Exercise requirements:
Reproduce the data, keeping every word exactly as it is.

Collected data:
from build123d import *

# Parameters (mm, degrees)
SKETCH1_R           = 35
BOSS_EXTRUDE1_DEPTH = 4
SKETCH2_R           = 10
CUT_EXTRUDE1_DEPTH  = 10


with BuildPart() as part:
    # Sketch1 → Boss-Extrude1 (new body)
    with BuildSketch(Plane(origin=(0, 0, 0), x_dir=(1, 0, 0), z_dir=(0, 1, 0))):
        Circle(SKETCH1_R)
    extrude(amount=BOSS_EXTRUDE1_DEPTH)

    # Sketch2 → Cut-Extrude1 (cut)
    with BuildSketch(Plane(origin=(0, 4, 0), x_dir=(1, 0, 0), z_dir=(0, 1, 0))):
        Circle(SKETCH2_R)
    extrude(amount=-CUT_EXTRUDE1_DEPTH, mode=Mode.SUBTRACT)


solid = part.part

Exercise solution:
from build123d import *

# Parameters (mm, degrees)
SKETCH1_R           = 35
BOSS_EXTRUDE1_DEPTH = 4
SKETCH2_R           = 10
CUT_EXTRUDE1_DEPTH  = 10


with BuildPart() as part:
    # Sketch1 → Boss-Extrude1 (new body)
    with BuildSketch(Plane(origin=(0, 0, 0), x_dir=(1, 0, 0), z_dir=(0, 1, 0))):
        Circle(SKETCH1_R)
    extrude(amount=BOSS_EXTRUDE1_DEPTH)

    # Sketch2 → Cut-Extrude1 (cut)
    with BuildSketch(Plane(origin=(0, 4, 0), x_dir=(1, 0, 0), z_dir=(0, 1, 0))):
        Circle(SKETCH2_R)
    extrude(amount=-CUT_EXTRUDE1_DEPTH, mode=Mode.SUBTRACT)


solid = part.part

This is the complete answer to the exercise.